=== Exercise input ===

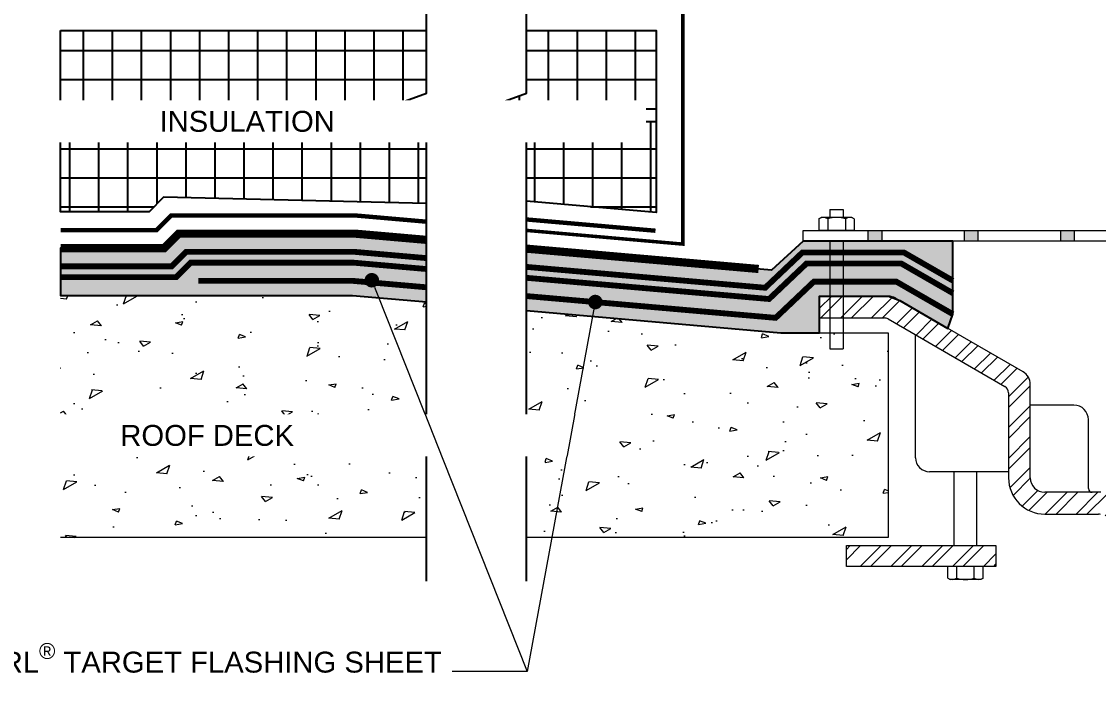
# Model space of a CAD drawing. Header units: inches. Extents: x 413.3 to 509.9, y 60.3 to 83.2.
# Drawn here: x 432.39 to 450.92, y 63.46 to 74.82 of the extents above; entities that cross this region are included whole.
import ezdxf
from ezdxf import colors
from ezdxf.entities.mleader import LeaderData, LeaderLine
from ezdxf.math import Vec2, Vec3

# ---------------------------------------------------------------- set-up
doc = ezdxf.new("R2010")
doc.units = ezdxf.units.IN
doc.header["$MEASUREMENT"] = 0
doc.linetypes.add('Dashed - Dense', pattern=[0.8, 0.5, -0.3])
doc.layers.get('Defpoints').update_dxf_attribs({"color": 103})
for name, color, linetype, lineweight in [('A-DETAIL', 7, 'Continuous', 9), ('BP Others', 190, 'Continuous', 0), ('BP Primer', 2, 'Continuous', 0), ('BP Text', 20, 'Continuous', 0), ('RAM Black Pearl Sheet', 165, 'Continuous', 0)]:
    doc.layers.add(name, color=color, linetype=linetype, lineweight=lineweight)
doc.layers.add('BP Insulation Border', color=8, linetype='Continuous')
doc.layers.add('BP Insulation Foam', color=9, linetype='Continuous')
doc.layers.add('BP Metal', color=17, linetype='Continuous', true_color=0x803345)
doc.layers.add('Protection Course', color=99, linetype='Dashed - Dense', lineweight=0, true_color=0x216123)
doc.styles.get("Standard").update_dxf_attribs({"font": 'ARIALN.TTF'})
doc.linetypes.add('ZIGZAG', pattern='A,0.0001,-0.2,[131,ltypeshp.shx,S=0.2,R=0,X=-0.2,Y=0],-0.4,[131,ltypeshp.shx,S=0.2,R=180,X=0.2,Y=0],-0.2', length=0.8001)

# ---------------------------------------------------------------- blocks, each defined once
blk = doc.blocks.new('*X21')
at = {"color": 0}
for p, q in [((34.857, 11.812), (34.557, 12.112)), ((35.044, 11.812), (34.68, 12.176)), ((35.387, 11.812), (35.012, 12.188)), ((35.574, 11.812), (35.199, 12.188)), ((35.917, 11.812), (35.542, 12.188)), ((35.938, 11.98), (35.73, 12.188)), ((34.496, 11.643), (34.221, 11.918)), ((34.614, 11.712), (34.34, 11.986)), ((34.16, 11.449), (33.885, 11.723)), ((34.278, 11.517), (34.004, 11.792)), ((33.824, 11.254), (33.549, 11.529)), ((33.943, 11.323), (33.668, 11.597)), ((33.488, 11.06), (33.214, 11.334)), ((33.607, 11.128), (33.332, 11.403)), ((33.152, 10.865), (32.878, 11.14)), ((33.271, 10.934), (32.996, 11.208)), ((32.816, 10.671), (32.542, 10.945)), ((32.935, 10.74), (32.661, 11.014)), ((32.688, 10.457), (32.348, 10.796)), ((32.688, 10.269), (32.312, 10.644)), ((32.688, 9.926), (32.312, 10.301)), ((32.688, 9.739), (32.312, 10.114)), ((32.688, 9.396), (32.312, 9.771)), ((32.688, 9.209), (32.312, 9.584)), ((32.663, 8.89), (32.312, 9.241)), ((32.608, 8.758), (32.312, 9.053)), ((31.337, 8.438), (30.986, 8.788)), ((31.525, 8.438), (31.15, 8.812)), ((31.868, 8.438), (31.493, 8.812)), ((32.055, 8.438), (31.68, 8.812)), ((32.335, 8.5), (32.023, 8.812)), ((32.45, 8.572), (32.181, 8.842)), ((30.479, 8.235), (30.18, 8.534)), ((30.622, 8.28), (30.323, 8.579)), ((30.882, 8.362), (30.583, 8.661)), ((31.025, 8.407), (30.726, 8.706)), ((30.258, 8.114), (29.944, 8.427)), ((30.25, 7.934), (29.88, 8.304)), ((30.25, 7.591), (29.875, 7.966)), ((30.25, 7.403), (29.875, 7.778)), ((30.25, 7.061), (29.875, 7.436)), ((30.25, 6.873), (29.875, 7.248)), ((30.25, 6.53), (29.875, 6.905)), ((30.155, 6.438), (29.875, 6.718))]:
    blk.add_line(p, q, dxfattribs=at)
blk = doc.blocks.new('_Dot')
at = {"color": 0, "linetype": 'ByBlock', "lineweight": -2}
blk.add_line((-0.5, 0), (-1, 0), dxfattribs=at)
at = {"color": 0, "linetype": 'ByBlock', "const_width": 0.5}
blk.add_lwpolyline([(-0.25, 0, 1), (0.25, 0, 1)], format="xyb", close=True, dxfattribs=at)

msp = doc.modelspace()

# ---------------------------------------------------------------- hatches: boundary and pattern name
at = {"layer": 'A-DETAIL'}
for points in [[(447.197, 71.222), (446.957, 71.222), (446.957, 71.042), (447.197, 71.042)], [(448.854, 71.222), (448.614, 71.222), (448.614, 71.042), (448.854, 71.042)], [(450.512, 71.222), (450.272, 71.222), (450.272, 71.042), (450.512, 71.042)]]:
    msp.add_hatch(color=256, dxfattribs=at).paths.add_polyline_path(points)
h = msp.add_hatch(dxfattribs=at)
h.set_pattern_fill('ANSI32', color=256, style=0, double=1)
h.set_pattern_definition([(45, (452.616, 53.20554), (-0.265165, 0.265165), []), (45, (452.79276, 53.20554), (-0.265165, 0.265165), [])])
h.paths.add_polyline_path([(449.158, 65.802), (446.584, 65.802), (446.584, 65.442), (449.158, 65.442)])
at = {"layer": 'BP Insulation Foam'}
h = msp.add_hatch(dxfattribs=at)
h.set_pattern_fill('NET', color=256, scale=4)
h.set_pattern_definition([(0, (437.95696, 73.3188), (0, 0.5), []), (90, (437.95696, 73.3188), (-0.5, 3e-17), [])])
h.paths.add_polyline_path([(439.356, 73.584), (439.356, 74.663), (433.062, 74.663), (433.062, 73.1), (439.586, 73.1), (438.806, 73.384)])
h.paths.add_polyline_path([(443.308, 74.663), (441.077, 74.663), (441.077, 73.584), (440.527, 73.384), (441.307, 73.1), (443.308, 73.1)])
h = msp.add_hatch(dxfattribs=at)
h.set_pattern_fill('NET', color=256, scale=4)
h.set_pattern_definition([(0, (-1222.779, 72.1299), (0, 0.5), []), (90, (-1222.779, 72.1299), (-0.5, 3e-17), [])])
h.paths.add_polyline_path([(439.356, 72.784), (439.905, 72.984), (439.586, 73.1), (433.062, 73.1), (433.062, 71.544), (434.584, 71.544), (434.834, 71.794), (439.356, 71.689)])
h.paths.add_polyline_path([(443.308, 73.1), (441.307, 73.1), (441.626, 72.984), (441.077, 72.784), (441.077, 71.727), (443.308, 71.531)])
at = {"layer": 'BP Others'}
h = msp.add_hatch(dxfattribs=at)
h.set_pattern_fill('CONCRETE', color=256, scale=3)
h.set_pattern_definition([(9.6028, (308.7941, 42.2107), (0.541903, 1.607184), [0.12861, -3.097972]), (157.953, (308.8993, 42.1681), (-0.541903, -1.607184), [0.11351, -2.734193]), (71.3671, (308.8993, 42.168), (-2.63947, 1.06893), [0.067605, -1.628478]), (9.6028, (309.8753, 41.948), (0.541903, 1.607184), [0.12861, -3.097972]), (157.953, (310.0021, 41.9694), (-0.541903, -1.607184), [0.11351, -2.734193]), (71.3671, (309.8753, 41.948), (-2.63947, 1.06893), [0.067605, -1.628478]), (29.9515, (311.2327, 42.2172), (-2.097564, 2.67612), [0.13778, -4.15939]), (128.0897, (311.2327, 42.217), (-3.72327, -2.14544), [0.10902, -3.29118]), (174.7908, (311.352, 42.286), (2.097564, -2.676116), [0.18741, -5.65757]), (29.9515, (308.7883, 43.4183), (-2.097564, 2.67612), [0.13778, -4.15939]), (128.0897, (308.7883, 43.4183), (-3.72327, -2.14544), [0.10902, -3.29118]), (174.7908, (308.9077, 43.487), (2.097564, -2.676116), [0.18741, -5.65757]), (29.9515, (311.7026, 43.8766), (-2.097564, 2.67612), [0.13778, -4.15939]), (128.0897, (311.7026, 43.8766), (-3.72327, -2.14544), [0.10902, -3.29118]), (174.7908, (311.822, 43.9454), (2.097564, -2.676116), [0.18741, -5.65757]), (29.9515, (310.3798, 42.699), (-2.097564, 2.67612), [0.13778, -4.15939]), (128.0897, (310.5664, 42.682), (-3.72327, -2.14544), [0.10902, -3.29118]), (174.7908, (310.5664, 42.6821), (2.097564, -2.676116), [0.18741, -5.65757]), (29.9515, (309.9747, 41.106), (-2.097564, 2.67612), [0.13778, -4.15939]), (128.0897, (310.1613, 41.089), (-3.72327, -2.14544), [0.10902, -3.29118]), (174.7908, (310.1613, 41.089), (2.097564, -2.676116), [0.18741, -5.65757]), (29.9515, (313.1126, 41.697), (-2.097564, 2.67612), [0.13778, -4.15939]), (128.0897, (313.299, 41.68), (-3.72327, -2.14544), [0.10902, -3.29118]), (174.7908, (313.2992, 41.68), (2.097564, -2.676116), [0.18741, -5.65757]), (29.9515, (312.328, 41.791), (1.62571, 4.82155), [0.26361, -8.33072]), (71.367, (312.5067, 41.7747), (-5.82084, 0.53068), [0.15607, -4.93218]), (174.7908, (312.5067, 41.7747), (-1.62571, -4.82155), [0.17928, -5.6657]), (29.9515, (309.383, 41.5664), (1.62571, 4.82155), [0.26361, -8.33072]), (71.367, (309.5615, 41.55), (-5.82084, 0.53068), [0.15607, -4.93218]), (174.7908, (309.5615, 41.55), (-1.62571, -4.82155), [0.17928, -5.6657]), (29.9515, (312.732, 43.3804), (1.62571, 4.82155), [0.26361, -8.33072]), (71.367, (312.9105, 43.364), (-5.82084, 0.53068), [0.15607, -4.93218]), (174.7908, (312.9105, 43.364), (-1.62571, -4.82155), [0.17928, -5.6657]), (29.9515, (309.878, 43.1334), (1.62571, 4.82155), [0.26361, -8.33072]), (71.367, (310.0564, 43.117), (-5.82084, 0.53068), [0.15607, -4.93218]), (174.7908, (310.0564, 43.117), (-1.62571, -4.82155), [0.17928, -5.6657]), (29.9515, (310.2845, 44.5408), (1.62571, 4.82155), [0.26361, -8.33072]), (71.367, (310.463, 44.5245), (-5.82084, 0.53068), [0.15607, -4.93218]), (174.7908, (310.463, 44.5245), (-1.62571, -4.82155), [0.17928, -5.6657]), (29.9515, (313.3215, 45.0074), (1.62571, 4.82155), [0.26361, -8.33072]), (71.367, (313.5, 44.991), (-5.82084, 0.53068), [0.15607, -4.93218]), (174.7908, (313.5, 44.991), (-1.62571, -4.82155), [0.17928, -5.6657]), (29.9515, (307.877, 41.0976), (1.62571, 4.82155), [0.26361, -8.33072]), (71.367, (307.877, 41.0976), (-5.82084, 0.53068), [0.15607, -4.93218]), (174.7908, (308.1054, 41.229), (-1.62571, -4.82155), [0.17928, -5.6657]), (29.9515, (308.2275, 42.6145), (1.62571, 4.82155), [0.26361, -8.33072]), (71.367, (308.2275, 42.6145), (-5.82084, 0.53068), [0.15607, -4.93218]), (174.7908, (308.456, 42.746), (-1.62571, -4.82155), [0.17928, -5.6657]), (29.9515, (308.4844, 44.1383), (1.62571, 4.82155), [0.26361, -8.33072]), (71.367, (308.4844, 44.1383), (-5.82084, 0.53068), [0.15607, -4.93218]), (174.7908, (308.713, 44.27), (-1.62571, -4.82155), [0.17928, -5.6657]), (29.9515, (310.5413, 41.4697), (1.62571, 4.82155), [0.26361, -8.33072]), (71.367, (310.541, 41.4697), (-5.82084, 0.53068), [0.15607, -4.93218]), (174.7908, (310.7697, 41.6013), (-1.62571, -4.82155), [0.17928, -5.6657]), (29.9515, (311.1328, 43.0967), (1.62571, 4.82155), [0.26361, -8.33072]), (71.367, (311.133, 43.0967), (-5.82084, 0.53068), [0.15607, -4.93218]), (174.7908, (311.361, 43.2283), (-1.62571, -4.82155), [0.17928, -5.6657]), (29.9515, (311.5817, 44.662), (1.62571, 4.82155), [0.26361, -8.33072]), (71.367, (311.582, 44.662), (-5.82084, 0.53068), [0.15607, -4.93218]), (174.7908, (311.81, 44.7935), (-1.62571, -4.82155), [0.17895, -5.66528]), (30, (310.7927, 40.9415), (-0.67868, 4.7105), [0, -2.625]), (45, (307.2927, 44.4415), (0.64009, 7.04096), [0, -1.75]), (60, (309.043, 41.6415), (-4.61817, 5.12975), [0, -0.875]), (15, (307.9927, 42.6915), (1.5544902, 0.9600444), [0, -1.4]), (75, (309.0427, 42.6915), (-1.080536, 1.376569), [0, -2.1]), (120, (310.7927, 43.3915), (-2.15149, 0.57649), [0, -1.75]), (90, (311.4927, 42.6915), (-2.1, 0.7), [0, -1.225])])
h.paths.add_polyline_path([(439.356, 69.995), (438.083, 70.106), (433.062, 70.106), (433.062, 65.941), (439.356, 65.941)])
h.paths.add_polyline_path([(447.302, 69.461), (445.458, 69.461), (441.077, 69.845), (441.077, 65.941), (447.302, 65.941)])
at = {"layer": 'BP Primer'}
h = msp.add_hatch(dxfattribs=at)
h.set_pattern_fill('WOOD6', color=6, scale=0.2, pattern_type=2)
h.set_pattern_definition([(216.8699, (-1222.698988, 36.329906), (0.5999999836, 0.4000000247), [0.1, -0.9]), (206.5651, (-1222.57899, 36.26991), (-0.1999998316, -0.200000262), [0.2236068, -0.2236068]), (198.4349, (-1222.57899, 36.169906), (-0.400000087, -0.1999996806), [0.1264912, -0.5059644])])
h.paths.add_polyline_path([(439.356, 69.995), (439.356, 71.062), (438.13, 71.169), (435.093, 71.169), (434.843, 70.919), (433.062, 70.919), (433.062, 70.106), (438.083, 70.106)])
h.paths.add_polyline_path([(441.077, 70.911), (441.077, 69.845), (445.458, 69.461), (446.124, 69.461), (446.124, 70.093), (447.307, 70.093), (447.504, 70.018), (448.33, 69.539), (448.417, 69.783), (448.417, 71.042), (445.842, 71.042), (445.298, 70.542)])

# ---------------------------------------------------------------- linework, layer by layer
at = {"linetype": 'Continuous'}
for points in [[(439.356, 65.187), (439.356, 72.784), (439.905, 72.984), (438.806, 73.384), (439.356, 73.584), (439.356, 83.241)], [(441.077, 65.187), (441.077, 72.784), (441.626, 72.984), (440.527, 73.384), (441.077, 73.584), (441.077, 83.241)]]:
    msp.add_lwpolyline(points, dxfattribs=at)
at = {"layer": 'A-DETAIL'}
for p, q in [((446.301, 71.586), (446.301, 71.447)), ((446.301, 71.586), (446.529, 71.586)), ((446.529, 71.586), (446.529, 71.447)), ((446.112, 71.424), (446.152, 71.447)), ((446.112, 71.424), (446.112, 71.222)), ((446.678, 71.447), (446.152, 71.447)), ((446.263, 71.423), (446.263, 71.222)), ((446.567, 71.423), (446.567, 71.222)), ((446.719, 71.424), (446.678, 71.447)), ((446.719, 71.424), (446.719, 71.222)), ((445.842, 71.222), (454.268, 71.222)), ((445.842, 71.042), (445.842, 71.222)), ((446.259, 71.222), (446.112, 71.222)), ((446.571, 71.222), (446.259, 71.222)), ((446.719, 71.222), (446.571, 71.222)), ((446.957, 71.042), (446.957, 71.222)), ((447.197, 71.042), (447.197, 71.222)), ((448.614, 71.042), (448.614, 71.222)), ((448.854, 71.042), (448.854, 71.222)), ((450.272, 71.042), (450.272, 71.222)), ((450.512, 71.042), (450.512, 71.222)), ((454.268, 71.042), (445.842, 71.042)), ((446.301, 71.042), (446.301, 69.184)), ((446.529, 71.042), (446.529, 69.184)), ((447.307, 70.093), (446.124, 70.093)), ((446.124, 70.093), (446.124, 69.718)), ((449.624, 68.79), (447.432, 70.059)), ((446.124, 69.718), (447.239, 69.718)), ((447.302, 69.701), (449.311, 68.538)), ((447.774, 67.312), (447.774, 69.428)), ((446.301, 69.184), (446.529, 69.184)), ((449.749, 66.968), (449.749, 68.574)), ((449.374, 68.43), (449.374, 66.968)), ((450.499, 68.218), (449.749, 68.218)), ((450.749, 66.781), (450.749, 67.968)), ((449.374, 67.072), (448.014, 67.072)), ((448.439, 65.802), (448.439, 67.072)), ((448.828, 65.802), (448.828, 67.072)), ((450.96, 66.718), (449.999, 66.718)), ((449.999, 66.343), (450.922, 66.343)), ((446.584, 65.802), (449.158, 65.802)), ((446.584, 65.442), (446.584, 65.802)), ((449.158, 65.802), (449.158, 65.442)), ((449.158, 65.442), (446.584, 65.442)), ((448.478, 65.442), (448.33, 65.442)), ((448.33, 65.24), (448.33, 65.442)), ((448.79, 65.442), (448.478, 65.442)), ((448.482, 65.24), (448.482, 65.442)), ((448.785, 65.24), (448.785, 65.442)), ((448.937, 65.442), (448.79, 65.442)), ((448.937, 65.24), (448.937, 65.442)), ((448.33, 65.24), (448.371, 65.216)), ((448.937, 65.24), (448.896, 65.216)), ((448.896, 65.216), (448.371, 65.216))]:
    msp.add_line(p, q, dxfattribs=at)
for centre, radius, start, end in [((446.187, 71.316), 0.131, 54.7356, 125.2644), ((446.415, 70.958), 0.489, 71.9403, 108.0597), ((446.643, 71.316), 0.131, 54.7356, 125.2644), ((447.307, 69.843), 0.25, 59.9314, 90), ((447.239, 69.593), 0.125, 59.9314, 90), ((449.499, 68.574), 0.25, 0, 59.9314), ((449.249, 68.43), 0.125, 0, 59.9314), ((450.499, 67.968), 0.25, 0, 90), ((448.014, 67.312), 0.24, 180, 270), ((449.999, 66.968), 0.625, 180, 270), ((449.999, 66.968), 0.25, 180, 270), ((450.814, 66.783), 0.0656, 181.9502, 268.3576), ((450.922, 66.218), 0.125, 72.4744, 90), ((448.406, 65.348), 0.131, 234.7356, 305.2644), ((448.634, 65.706), 0.489, 251.9403, 288.0597), ((448.861, 65.348), 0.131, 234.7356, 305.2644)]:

===

Problem description:
No pictures should appear; only the lines from the first line of the records through the line with "Border', color=8, linetype='Continuous')", both included, are to be restated word for word.

Response to this exercise:
# Model space of a CAD drawing. Header units: inches. Extents: x 413.3 to 509.9, y 60.3 to 83.2.
# Drawn here: x 432.39 to 450.92, y 63.46 to 74.82 of the extents above; entities that cross this region are included whole.
import ezdxf
from ezdxf import colors
from ezdxf.entities.mleader import LeaderData, LeaderLine
from ezdxf.math import Vec2, Vec3

# ---------------------------------------------------------------- set-up
doc = ezdxf.new("R2010")
doc.units = ezdxf.units.IN
doc.header["$MEASUREMENT"] = 0
doc.linetypes.add('Dashed - Dense', pattern=[0.8, 0.5, -0.3])
doc.layers.get('Defpoints').update_dxf_attribs({"color": 103})
for name, color, linetype, lineweight in [('A-DETAIL', 7, 'Continuous', 9), ('BP Others', 190, 'Continuous', 0), ('BP Primer', 2, 'Continuous', 0), ('BP Text', 20, 'Continuous', 0), ('RAM Black Pearl Sheet', 165, 'Continuous', 0)]:
    doc.layers.add(name, color=color, linetype=linetype, lineweight=lineweight)
doc.layers.add('BP Insulation Border', color=8, linetype='Continuous')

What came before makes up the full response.